**Problem**
For the word "Outport", count the lines of the records that hold it, and give only that number.

**Extracted entries**
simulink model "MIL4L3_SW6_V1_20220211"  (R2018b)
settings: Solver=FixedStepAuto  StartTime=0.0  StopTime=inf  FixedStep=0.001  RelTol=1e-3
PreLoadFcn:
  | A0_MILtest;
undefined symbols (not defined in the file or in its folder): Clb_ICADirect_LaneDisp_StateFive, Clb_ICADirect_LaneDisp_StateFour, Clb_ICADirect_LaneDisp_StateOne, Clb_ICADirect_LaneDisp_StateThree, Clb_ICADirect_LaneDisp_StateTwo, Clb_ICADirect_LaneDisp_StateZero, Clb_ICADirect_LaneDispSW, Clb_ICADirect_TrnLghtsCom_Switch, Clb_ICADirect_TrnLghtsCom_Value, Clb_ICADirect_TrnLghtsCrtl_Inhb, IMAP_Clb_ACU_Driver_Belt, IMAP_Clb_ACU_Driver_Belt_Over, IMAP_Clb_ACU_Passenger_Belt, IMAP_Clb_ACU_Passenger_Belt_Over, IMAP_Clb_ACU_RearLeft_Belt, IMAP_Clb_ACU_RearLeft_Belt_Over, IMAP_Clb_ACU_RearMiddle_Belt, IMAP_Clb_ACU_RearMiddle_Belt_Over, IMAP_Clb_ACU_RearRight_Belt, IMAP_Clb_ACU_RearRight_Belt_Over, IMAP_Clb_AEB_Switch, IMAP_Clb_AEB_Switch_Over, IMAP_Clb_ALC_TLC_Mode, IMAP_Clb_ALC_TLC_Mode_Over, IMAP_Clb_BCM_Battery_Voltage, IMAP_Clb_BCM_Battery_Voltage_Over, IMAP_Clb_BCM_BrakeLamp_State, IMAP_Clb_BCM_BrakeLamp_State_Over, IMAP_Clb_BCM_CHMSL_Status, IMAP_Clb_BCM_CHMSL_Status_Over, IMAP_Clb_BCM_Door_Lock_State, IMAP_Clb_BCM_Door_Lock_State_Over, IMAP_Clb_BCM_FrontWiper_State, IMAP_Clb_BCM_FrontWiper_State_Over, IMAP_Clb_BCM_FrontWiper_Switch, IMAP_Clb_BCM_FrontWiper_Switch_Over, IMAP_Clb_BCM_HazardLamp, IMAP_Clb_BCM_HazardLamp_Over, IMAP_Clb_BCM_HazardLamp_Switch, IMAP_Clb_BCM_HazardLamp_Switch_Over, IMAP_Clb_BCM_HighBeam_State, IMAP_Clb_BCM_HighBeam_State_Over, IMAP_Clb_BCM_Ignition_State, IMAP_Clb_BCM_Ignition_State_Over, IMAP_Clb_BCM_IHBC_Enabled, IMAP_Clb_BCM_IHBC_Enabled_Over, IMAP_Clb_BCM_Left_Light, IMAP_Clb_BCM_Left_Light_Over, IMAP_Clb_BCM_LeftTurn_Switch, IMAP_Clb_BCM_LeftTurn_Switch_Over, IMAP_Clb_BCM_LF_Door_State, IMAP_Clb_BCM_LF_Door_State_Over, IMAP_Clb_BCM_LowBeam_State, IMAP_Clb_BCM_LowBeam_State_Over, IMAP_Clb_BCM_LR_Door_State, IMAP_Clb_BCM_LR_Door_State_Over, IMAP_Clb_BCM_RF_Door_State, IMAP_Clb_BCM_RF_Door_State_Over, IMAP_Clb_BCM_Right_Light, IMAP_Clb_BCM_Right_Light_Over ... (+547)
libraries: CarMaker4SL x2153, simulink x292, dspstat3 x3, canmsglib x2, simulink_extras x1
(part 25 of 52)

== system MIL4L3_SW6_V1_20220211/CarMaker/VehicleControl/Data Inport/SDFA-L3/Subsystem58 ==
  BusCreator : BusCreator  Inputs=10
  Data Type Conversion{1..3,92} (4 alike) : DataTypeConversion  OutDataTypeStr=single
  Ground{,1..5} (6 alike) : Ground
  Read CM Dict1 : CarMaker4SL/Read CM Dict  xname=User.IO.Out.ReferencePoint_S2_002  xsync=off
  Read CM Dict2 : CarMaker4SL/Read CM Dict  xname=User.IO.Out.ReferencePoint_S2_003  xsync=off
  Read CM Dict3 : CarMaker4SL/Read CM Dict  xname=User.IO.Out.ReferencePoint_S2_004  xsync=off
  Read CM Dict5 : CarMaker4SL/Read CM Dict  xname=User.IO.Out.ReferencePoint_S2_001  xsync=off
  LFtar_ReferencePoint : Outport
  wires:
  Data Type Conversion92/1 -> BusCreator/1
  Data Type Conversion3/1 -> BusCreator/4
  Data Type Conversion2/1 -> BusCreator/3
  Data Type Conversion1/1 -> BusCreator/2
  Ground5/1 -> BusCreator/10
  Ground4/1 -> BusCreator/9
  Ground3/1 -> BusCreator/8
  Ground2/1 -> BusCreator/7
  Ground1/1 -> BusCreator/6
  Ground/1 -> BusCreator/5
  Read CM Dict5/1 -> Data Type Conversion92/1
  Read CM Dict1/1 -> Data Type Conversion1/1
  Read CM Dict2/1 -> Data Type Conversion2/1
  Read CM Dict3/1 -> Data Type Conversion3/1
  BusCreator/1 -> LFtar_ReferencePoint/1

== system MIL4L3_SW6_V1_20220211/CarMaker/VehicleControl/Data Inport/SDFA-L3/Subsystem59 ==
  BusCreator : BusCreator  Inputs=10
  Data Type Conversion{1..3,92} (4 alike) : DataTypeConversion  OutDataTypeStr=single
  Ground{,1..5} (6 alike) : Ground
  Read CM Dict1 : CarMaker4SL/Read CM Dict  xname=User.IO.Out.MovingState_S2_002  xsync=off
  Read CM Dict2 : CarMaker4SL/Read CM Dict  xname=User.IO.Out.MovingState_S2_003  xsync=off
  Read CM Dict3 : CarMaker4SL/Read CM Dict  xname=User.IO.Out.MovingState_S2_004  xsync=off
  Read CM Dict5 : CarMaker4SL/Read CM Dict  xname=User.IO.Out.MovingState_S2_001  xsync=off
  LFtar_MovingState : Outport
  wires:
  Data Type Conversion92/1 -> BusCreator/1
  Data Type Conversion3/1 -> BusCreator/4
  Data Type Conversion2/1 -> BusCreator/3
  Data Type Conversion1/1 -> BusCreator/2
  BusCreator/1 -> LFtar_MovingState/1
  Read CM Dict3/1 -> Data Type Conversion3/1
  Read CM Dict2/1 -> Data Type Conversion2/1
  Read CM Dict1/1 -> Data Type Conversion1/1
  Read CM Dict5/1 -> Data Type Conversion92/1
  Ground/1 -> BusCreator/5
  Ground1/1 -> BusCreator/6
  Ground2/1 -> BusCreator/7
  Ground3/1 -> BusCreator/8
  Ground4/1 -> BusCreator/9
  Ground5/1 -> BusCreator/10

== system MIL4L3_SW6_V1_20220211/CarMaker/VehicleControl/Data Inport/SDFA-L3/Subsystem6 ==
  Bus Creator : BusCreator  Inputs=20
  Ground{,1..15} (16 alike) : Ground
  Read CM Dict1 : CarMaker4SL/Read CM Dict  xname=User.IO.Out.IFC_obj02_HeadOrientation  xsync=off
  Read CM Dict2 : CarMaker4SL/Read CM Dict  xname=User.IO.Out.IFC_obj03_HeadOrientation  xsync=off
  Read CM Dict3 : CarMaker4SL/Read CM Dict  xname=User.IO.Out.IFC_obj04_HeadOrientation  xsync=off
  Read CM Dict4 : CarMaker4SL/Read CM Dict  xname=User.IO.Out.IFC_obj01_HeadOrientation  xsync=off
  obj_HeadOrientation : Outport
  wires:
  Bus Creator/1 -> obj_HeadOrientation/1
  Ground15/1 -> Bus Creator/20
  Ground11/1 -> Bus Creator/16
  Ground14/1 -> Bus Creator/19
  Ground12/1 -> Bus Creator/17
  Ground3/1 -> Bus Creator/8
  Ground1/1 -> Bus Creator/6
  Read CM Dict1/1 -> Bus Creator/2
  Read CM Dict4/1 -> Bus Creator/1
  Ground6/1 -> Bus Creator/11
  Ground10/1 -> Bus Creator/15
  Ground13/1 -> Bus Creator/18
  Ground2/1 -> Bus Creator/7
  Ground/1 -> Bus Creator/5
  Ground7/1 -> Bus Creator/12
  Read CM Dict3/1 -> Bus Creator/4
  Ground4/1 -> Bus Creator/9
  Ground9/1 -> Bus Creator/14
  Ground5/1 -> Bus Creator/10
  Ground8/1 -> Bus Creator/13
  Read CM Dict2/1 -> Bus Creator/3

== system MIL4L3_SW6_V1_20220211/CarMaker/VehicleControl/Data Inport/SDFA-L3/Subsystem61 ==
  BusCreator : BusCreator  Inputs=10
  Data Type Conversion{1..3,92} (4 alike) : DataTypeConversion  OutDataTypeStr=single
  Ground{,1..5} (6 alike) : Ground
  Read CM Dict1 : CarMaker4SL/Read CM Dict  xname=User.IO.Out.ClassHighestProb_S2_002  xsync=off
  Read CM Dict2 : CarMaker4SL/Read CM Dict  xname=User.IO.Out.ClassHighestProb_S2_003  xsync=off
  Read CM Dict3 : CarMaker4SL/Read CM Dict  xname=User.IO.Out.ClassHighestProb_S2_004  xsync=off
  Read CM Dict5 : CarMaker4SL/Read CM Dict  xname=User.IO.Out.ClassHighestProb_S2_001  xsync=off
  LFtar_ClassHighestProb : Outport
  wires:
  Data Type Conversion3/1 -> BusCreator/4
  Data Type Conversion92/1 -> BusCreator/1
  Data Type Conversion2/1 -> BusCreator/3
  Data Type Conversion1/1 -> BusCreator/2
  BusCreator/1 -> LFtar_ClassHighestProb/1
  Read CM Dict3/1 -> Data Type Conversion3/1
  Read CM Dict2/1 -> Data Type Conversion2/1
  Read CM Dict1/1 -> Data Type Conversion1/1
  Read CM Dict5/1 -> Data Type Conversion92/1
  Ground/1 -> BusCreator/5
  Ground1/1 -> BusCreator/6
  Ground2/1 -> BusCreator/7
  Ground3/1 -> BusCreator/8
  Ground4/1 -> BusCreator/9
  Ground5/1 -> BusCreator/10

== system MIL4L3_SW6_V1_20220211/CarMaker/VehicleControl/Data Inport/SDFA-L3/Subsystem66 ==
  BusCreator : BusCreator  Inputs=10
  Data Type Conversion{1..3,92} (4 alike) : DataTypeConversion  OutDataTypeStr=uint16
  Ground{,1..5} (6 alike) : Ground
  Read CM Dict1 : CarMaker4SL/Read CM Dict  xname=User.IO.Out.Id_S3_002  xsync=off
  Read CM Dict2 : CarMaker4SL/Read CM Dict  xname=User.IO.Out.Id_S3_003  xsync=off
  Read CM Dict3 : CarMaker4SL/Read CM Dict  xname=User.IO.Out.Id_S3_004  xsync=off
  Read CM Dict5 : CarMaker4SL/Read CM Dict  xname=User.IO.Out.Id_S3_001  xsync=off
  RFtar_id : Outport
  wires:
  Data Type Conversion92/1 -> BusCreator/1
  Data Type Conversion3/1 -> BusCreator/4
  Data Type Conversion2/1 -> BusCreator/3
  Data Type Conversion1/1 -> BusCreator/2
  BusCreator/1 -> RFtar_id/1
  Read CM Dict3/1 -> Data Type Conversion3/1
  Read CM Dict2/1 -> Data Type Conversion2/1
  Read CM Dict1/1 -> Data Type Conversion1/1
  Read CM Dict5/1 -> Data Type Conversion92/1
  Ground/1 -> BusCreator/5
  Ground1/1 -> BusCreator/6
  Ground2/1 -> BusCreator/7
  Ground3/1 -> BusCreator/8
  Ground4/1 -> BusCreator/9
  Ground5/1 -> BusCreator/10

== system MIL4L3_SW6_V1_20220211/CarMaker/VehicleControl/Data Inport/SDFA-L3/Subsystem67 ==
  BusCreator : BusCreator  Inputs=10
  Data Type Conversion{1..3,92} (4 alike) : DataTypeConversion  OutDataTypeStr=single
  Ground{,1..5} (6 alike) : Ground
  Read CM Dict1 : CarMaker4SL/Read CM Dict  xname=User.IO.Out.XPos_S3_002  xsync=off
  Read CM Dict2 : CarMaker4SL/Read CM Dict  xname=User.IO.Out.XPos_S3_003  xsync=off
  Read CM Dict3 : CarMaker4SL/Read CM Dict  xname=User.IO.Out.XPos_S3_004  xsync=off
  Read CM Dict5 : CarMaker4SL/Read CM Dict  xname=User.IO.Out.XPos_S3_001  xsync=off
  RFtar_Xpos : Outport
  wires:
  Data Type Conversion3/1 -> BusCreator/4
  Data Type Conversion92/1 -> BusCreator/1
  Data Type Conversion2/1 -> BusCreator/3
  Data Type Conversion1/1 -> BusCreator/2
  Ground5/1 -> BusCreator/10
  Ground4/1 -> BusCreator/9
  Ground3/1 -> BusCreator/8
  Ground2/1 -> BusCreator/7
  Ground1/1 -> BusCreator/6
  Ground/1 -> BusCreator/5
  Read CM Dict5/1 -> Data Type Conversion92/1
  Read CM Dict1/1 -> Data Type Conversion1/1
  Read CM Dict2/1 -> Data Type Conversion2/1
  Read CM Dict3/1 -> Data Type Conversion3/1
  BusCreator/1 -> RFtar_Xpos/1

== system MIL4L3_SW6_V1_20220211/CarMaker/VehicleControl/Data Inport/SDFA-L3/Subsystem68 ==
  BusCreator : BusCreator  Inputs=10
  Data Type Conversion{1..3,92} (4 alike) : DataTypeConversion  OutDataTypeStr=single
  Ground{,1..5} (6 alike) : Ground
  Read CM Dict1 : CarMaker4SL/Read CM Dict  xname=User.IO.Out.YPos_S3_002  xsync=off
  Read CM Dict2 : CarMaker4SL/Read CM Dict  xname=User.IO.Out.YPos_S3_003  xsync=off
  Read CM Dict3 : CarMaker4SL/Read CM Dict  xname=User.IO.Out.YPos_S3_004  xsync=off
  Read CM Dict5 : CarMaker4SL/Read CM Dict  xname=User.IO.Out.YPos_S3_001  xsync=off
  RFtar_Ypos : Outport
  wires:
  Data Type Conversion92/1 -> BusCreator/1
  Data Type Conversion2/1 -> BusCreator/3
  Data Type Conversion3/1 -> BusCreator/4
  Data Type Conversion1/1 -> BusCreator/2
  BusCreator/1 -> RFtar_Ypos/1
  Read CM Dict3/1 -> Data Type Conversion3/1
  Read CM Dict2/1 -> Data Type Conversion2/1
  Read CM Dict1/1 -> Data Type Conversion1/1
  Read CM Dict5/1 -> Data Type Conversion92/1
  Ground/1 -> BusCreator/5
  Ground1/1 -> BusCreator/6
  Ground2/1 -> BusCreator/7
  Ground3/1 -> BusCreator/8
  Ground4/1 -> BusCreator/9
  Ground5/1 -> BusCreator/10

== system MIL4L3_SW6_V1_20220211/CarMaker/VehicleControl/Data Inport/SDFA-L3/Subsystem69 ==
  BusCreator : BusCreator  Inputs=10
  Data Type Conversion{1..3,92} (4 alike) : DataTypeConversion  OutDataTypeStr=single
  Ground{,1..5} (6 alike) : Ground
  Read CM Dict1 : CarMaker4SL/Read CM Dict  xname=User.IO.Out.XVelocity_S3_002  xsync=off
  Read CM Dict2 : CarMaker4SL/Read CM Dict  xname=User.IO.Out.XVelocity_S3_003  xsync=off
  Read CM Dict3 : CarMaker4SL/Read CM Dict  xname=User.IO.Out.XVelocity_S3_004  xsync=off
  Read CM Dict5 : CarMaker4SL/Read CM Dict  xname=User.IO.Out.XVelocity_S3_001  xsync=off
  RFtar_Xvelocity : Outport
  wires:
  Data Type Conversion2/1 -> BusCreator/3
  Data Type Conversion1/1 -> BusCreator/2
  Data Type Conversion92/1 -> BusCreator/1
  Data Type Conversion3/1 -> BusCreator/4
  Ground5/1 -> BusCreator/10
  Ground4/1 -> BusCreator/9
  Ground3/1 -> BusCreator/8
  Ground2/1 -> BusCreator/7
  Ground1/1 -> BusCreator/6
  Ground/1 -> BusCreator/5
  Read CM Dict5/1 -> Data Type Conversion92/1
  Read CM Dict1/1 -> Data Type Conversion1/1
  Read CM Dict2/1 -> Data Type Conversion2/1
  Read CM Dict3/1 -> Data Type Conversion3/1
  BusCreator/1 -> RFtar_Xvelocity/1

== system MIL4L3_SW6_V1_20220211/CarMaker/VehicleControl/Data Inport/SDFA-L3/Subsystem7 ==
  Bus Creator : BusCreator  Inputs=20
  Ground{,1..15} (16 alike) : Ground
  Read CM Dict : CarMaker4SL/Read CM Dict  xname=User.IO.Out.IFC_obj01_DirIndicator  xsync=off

**Response**
8